10/02/2008 - ORUÇ DEVRESİ - 1. Pazar Günü – A

1.Okuma  Yar. 2,7-9;3,1-7 Mezmur 50 2.Okuma Rom. 5,12-19 İncil Mat. 4,1-11

 

Allah gerçekten her şeyin yaratıcısı mı? Bu imanımızdır, ancak Allah’ın düşmanı bunu inkâr etmekte. Bazı bilginler buluşlarıyla böbürlenirler veya bazı basit teori veya ipotezlerle övünürler, sanki bunlar yüreğimizdeki imanı yok edebilir. Sadece bir big-bang varsayımının Allah’ın varlığını ve yaratıcı eylemini yok edeceklerini zannediyorlarsa büyük bir yanılgıdalar. Biz onların düşünce tarzını ilerletelim: Her şey bir patlama ile başladıysa, patlayan nedir? Patlayan bir şey varsa nerede idi? Nereden geldi? Niçin böyle bir patlama meydana geldi? Hangi fiziksel veya kimyasal kanun sonucu biz buradayız, konuşmakta ve dinlemekteyiz? O ‘patlayan şey’ ve o kanunlar nereden gelir? Bu veya başka teorileri, varsayımları söyleyen insanlar, söyledikleri doğru olsa bana daha da büyük bir hikmetin varlığını işaret ederler ve her an Allah’ın büyüklüğüne daha da hayran kalırım. Yaratıcı Allah’a imanımız Uzak Doğunun inançlarından ve felsefelerinden uzaktır. Bu inançlar sağlığımızı garantilemek için tavsiye edilirler, düşünce tarzımıza iyi ve kötüyü ayırmadan yerleşirler, imanımızı ve güvenimizi yavaş yavaş yok ederler. Bu uzak doğu inançları ne der? Ben bunları sadece yüzeysel olarak özetleyebilirim.
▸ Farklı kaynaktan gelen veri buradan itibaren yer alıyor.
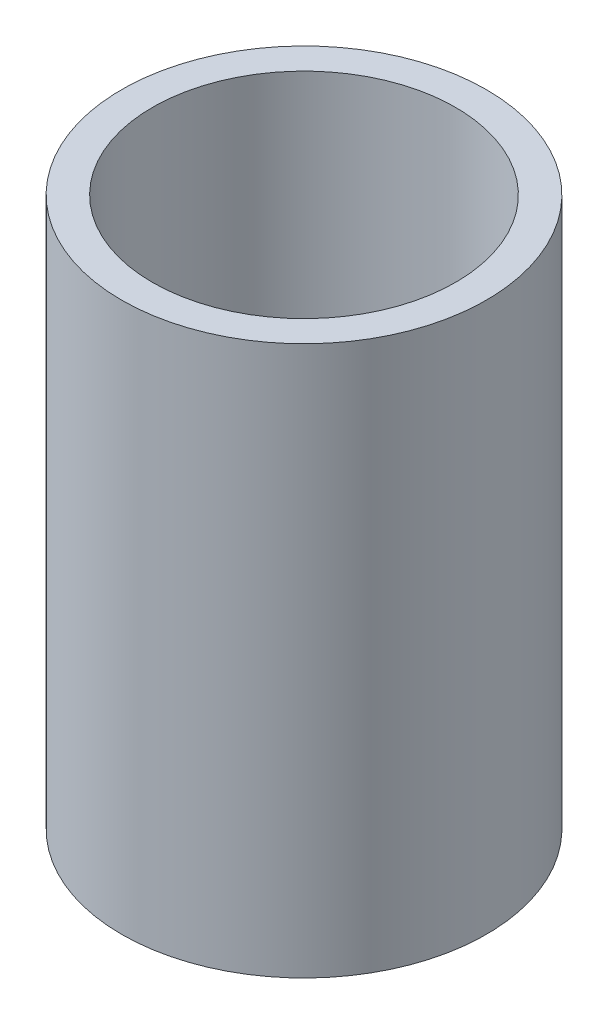
ISO-10303-21;
HEADER;
FILE_DESCRIPTION(('STEP AP214'),'2;1');
FILE_NAME('part.step','',(''),(''),'','','');
FILE_SCHEMA(('AUTOMOTIVE_DESIGN { 1 0 10303 214 1 1 1 1 }'));
ENDSEC;
DATA;
#1=APPLICATION_CONTEXT('core data for automotive mechanical design processes');
#2=APPLICATION_PROTOCOL_DEFINITION('international standard','automotive_design',2000,#1);
#3=PRODUCT_CONTEXT('',#1,'mechanical');
#4=PRODUCT('Part','Part','',(#3));
#5=PRODUCT_RELATED_PRODUCT_CATEGORY('part','',(#4));
#6=PRODUCT_DEFINITION_FORMATION('','',#4);
#7=PRODUCT_DEFINITION_CONTEXT('part definition',#1,'design');
#8=PRODUCT_DEFINITION('design','',#6,#7);
#9=PRODUCT_DEFINITION_SHAPE('','',#8);
#10=(LENGTH_UNIT() NAMED_UNIT(*) SI_UNIT(.MILLI.,.METRE.));
#11=(NAMED_UNIT(*) PLANE_ANGLE_UNIT() SI_UNIT($,.RADIAN.));
#12=(NAMED_UNIT(*) SI_UNIT($,.STERADIAN.) SOLID_ANGLE_UNIT());
#13=UNCERTAINTY_MEASURE_WITH_UNIT(LENGTH_MEASURE(1.E-05),#10,'distance_accuracy_value','');
#14=(GEOMETRIC_REPRESENTATION_CONTEXT(3) GLOBAL_UNCERTAINTY_ASSIGNED_CONTEXT((#13)) GLOBAL_UNIT_ASSIGNED_CONTEXT((#10,
#11,#12)) REPRESENTATION_CONTEXT('',''));
#15=CARTESIAN_POINT('',(0.,0.,0.));
#16=DIRECTION('',(0.,0.,1.));
#17=DIRECTION('',(1.,0.,0.));
#18=AXIS2_PLACEMENT_3D('',#15,#16,#17);
#19=CARTESIAN_POINT('',(0.,0.,0.));
#20=DIRECTION('',(0.,1.,0.));
#21=DIRECTION('',(0.,0.,1.));
#22=AXIS2_PLACEMENT_3D('',#19,#20,#21);
#23=CYLINDRICAL_SURFACE('',#22,17.526);
#24=CARTESIAN_POINT('',(0.,0.,0.));
#25=DIRECTION('',(0.,1.,0.));
#26=DIRECTION('',(0.,0.,1.));
#27=AXIS2_PLACEMENT_3D('',#24,#25,#26);
#28=CIRCLE('',#27,17.526);
#29=CARTESIAN_POINT('',(0.,0.,17.526));
#30=VERTEX_POINT('',#29);
#31=EDGE_CURVE('E27',#30,#30,#28,.F.);
#32=ORIENTED_EDGE('',*,*,#31,.T.);
#33=EDGE_LOOP('',(#32));
#34=FACE_BOUND('',#33,.T.);
#35=CARTESIAN_POINT('',(0.,63.5,0.));
#36=DIRECTION('',(0.,1.,0.));
#37=DIRECTION('',(0.,0.,1.));
#38=AXIS2_PLACEMENT_3D('',#35,#36,#37);
#39=CIRCLE('',#38,17.526);
#40=CARTESIAN_POINT('',(0.,63.5,17.526));
#41=VERTEX_POINT('',#40);
#42=EDGE_CURVE('E18',#41,#41,#39,.F.);
#43=ORIENTED_EDGE('',*,*,#42,.F.);
#44=EDGE_LOOP('',(#43));
#45=FACE_BOUND('',#44,.T.);
#46=ADVANCED_FACE('F15',(#34,#45),#23,.F.);
#47=CARTESIAN_POINT('',(0.,63.5,0.));
#48=DIRECTION('',(0.,1.,0.));
#49=DIRECTION('',(0.,0.,1.));
#50=AXIS2_PLACEMENT_3D('',#47,#48,#49);
#51=PLANE('',#50);
#52=ORIENTED_EDGE('',*,*,#42,.T.);
#53=EDGE_LOOP('',(#52));
#54=FACE_BOUND('',#53,.T.);
#55=CARTESIAN_POINT('',(0.,63.5,0.));
#56=DIRECTION('',(0.,1.,0.));
#57=DIRECTION('',(0.,0.,1.));
#58=AXIS2_PLACEMENT_3D('',#55,#56,#57);
#59=CIRCLE('',#58,21.082);
#60=CARTESIAN_POINT('',(0.,63.5,21.082));
#61=VERTEX_POINT('',#60);
#62=EDGE_CURVE('E22',#61,#61,#59,.F.);
#63=ORIENTED_EDGE('',*,*,#62,.F.);
#64=EDGE_LOOP('',(#63));
#65=FACE_BOUND('',#64,.T.);
#66=ADVANCED_FACE('F35',(#54,#65),#51,.T.);
#67=CARTESIAN_POINT('',(0.,0.,0.));
#68=DIRECTION('',(0.,1.,0.));
#69=DIRECTION('',(0.,0.,1.));
#70=AXIS2_PLACEMENT_3D('',#67,#68,#69);
#71=PLANE('',#70);
#72=ORIENTED_EDGE('',*,*,#31,.F.);
#73=EDGE_LOOP('',(#72));
#74=FACE_BOUND('',#73,.T.);
#75=CARTESIAN_POINT('',(0.,0.,0.));
#76=DIRECTION('',(0.,1.,0.));
#77=DIRECTION('',(0.,0.,1.));
#78=AXIS2_PLACEMENT_3D('',#75,#76,#77);
#79=CIRCLE('',#78,21.082);
#80=CARTESIAN_POINT('',(0.,0.,21.082));
#81=VERTEX_POINT('',#80);
#82=EDGE_CURVE('E10',#81,#81,#79,.T.);
#83=ORIENTED_EDGE('',*,*,#82,.F.);
#84=EDGE_LOOP('',(#83));
#85=FACE_BOUND('',#84,.T.);
#86=ADVANCED_FACE('F43',(#74,#85),#71,.F.);
#87=CARTESIAN_POINT('',(0.,0.,0.));
#88=DIRECTION('',(0.,1.,0.));
#89=DIRECTION('',(0.,0.,1.));
#90=AXIS2_PLACEMENT_3D('',#87,#88,#89);
#91=CYLINDRICAL_SURFACE('',#90,21.082);
#92=ORIENTED_EDGE('',*,*,#82,.T.);
#93=EDGE_LOOP('',(#92));
#94=FACE_BOUND('',#93,.T.);
#95=ORIENTED_EDGE('',*,*,#62,.T.);
#96=EDGE_LOOP('',(#95));
#97=FACE_BOUND('',#96,.T.);
#98=ADVANCED_FACE('F44',(#94,#97),#91,.T.);
#99=CLOSED_SHELL('',(#46,#66,#86,#98));
#100=MANIFOLD_SOLID_BREP('B1',#99);
#101=ADVANCED_BREP_SHAPE_REPRESENTATION('',(#18,#100),#14);
#102=SHAPE_DEFINITION_REPRESENTATION(#9,#101);
ENDSEC;
END-ISO-10303-21;

Her şeyin başında felsefi bir başlangıç var, bu ‘Bir’’dir ve cahil halk onu Allah diye de çağırabilir. Bu Bir, dengesini kaybetmiştir. Bundan doğan enerji vibrasyonları vardır, bunlar da sertleşerek tüm maddenin var olmasına sebep olmuştur, buna beden de dahildir. Bu bilgiler ışığında Allah bizimle diyalog kurabilecek bir kişi değildir, tersine her şey Allah’tır, ben bile! Benim kişiliğim okyanus olan Allah’ın içinde bir damla su gibi yok olur. Eğer evren Allah olursa, kurtarılmaya ve kurtuluşa ihtiyaç yoktur, çünkü ben Allah’ın bir parçasıyım, dolayısıyla da günah işleyemem! Elbette kendini günahkâr olarak ve kurtarılmaya ihtiyacı olmadıklarını kabul etmek istemeyenlerin yaratıcı bir Allah’ı inkâr etmek işlerine geldiğini, anlamak zor değildir.

 

Niçin Karem (Oruç) devresi gibi bir tövbe zamanı kutluyoruz? Bugünkü okumalar, her birimizin günahkâr olduğunu hatırlatmaktadır ve günahın yaşamlarımızı bozduğunu, aramızdaki ilişkileri bozduğunu söylerler. Günahla kaybettiğimiz imkânlarımıza ve güçlerimize tekrar kavuşmalıyız. Günah nedir? Bu sözcüğü artık kullanmayan, hatta inkâr eden bu dünyada, günahtan konuşmanın anlamı var mıdır? Doğru, artık herkesin önünde günahtan konuşulmaz, bunun sebebi de artık insanın kendini Allah önünde sorumlu olarak görmemesidir. Gerçekten de günah bizim Allah ile ilişkimizle ilgilidir, bir yaratığının, bir oğlunun, Ona inanan birinin, Ona göstereceği güvensizlikle ilgilidir. Kısacası günah sözcüğünü sadece Allah’a iman eden biri kullanır. Allah’a iman eden kişi denenir, bazen Allah’ın onu unuttuğu, onunla ilgilenmediği fikrine kapılabilir, hatta Onun var olmadığını düşünebilir. Gelebilecek başka kötü fikirler, Allah’ın Sözünün ciddi bir şey olmadığı, herkesin istediği gibi davranması gerektiğidir, Allah’ın bize inandırdığı gibi değil de kendi isteğimize göre davranmak istemektir. Bu düşünceler insanı Allah’tan uzaklaştırır, Allah’ı insana yabancı kılar. İnsan kibirlenir, egoist olur, egosantrik olur. İşte günah budur, değişik görüntüler alabilir ve ekonomik işlerde, cinsel boyutta, şahsi veya sosyal ilişkilerde yerleşebilir.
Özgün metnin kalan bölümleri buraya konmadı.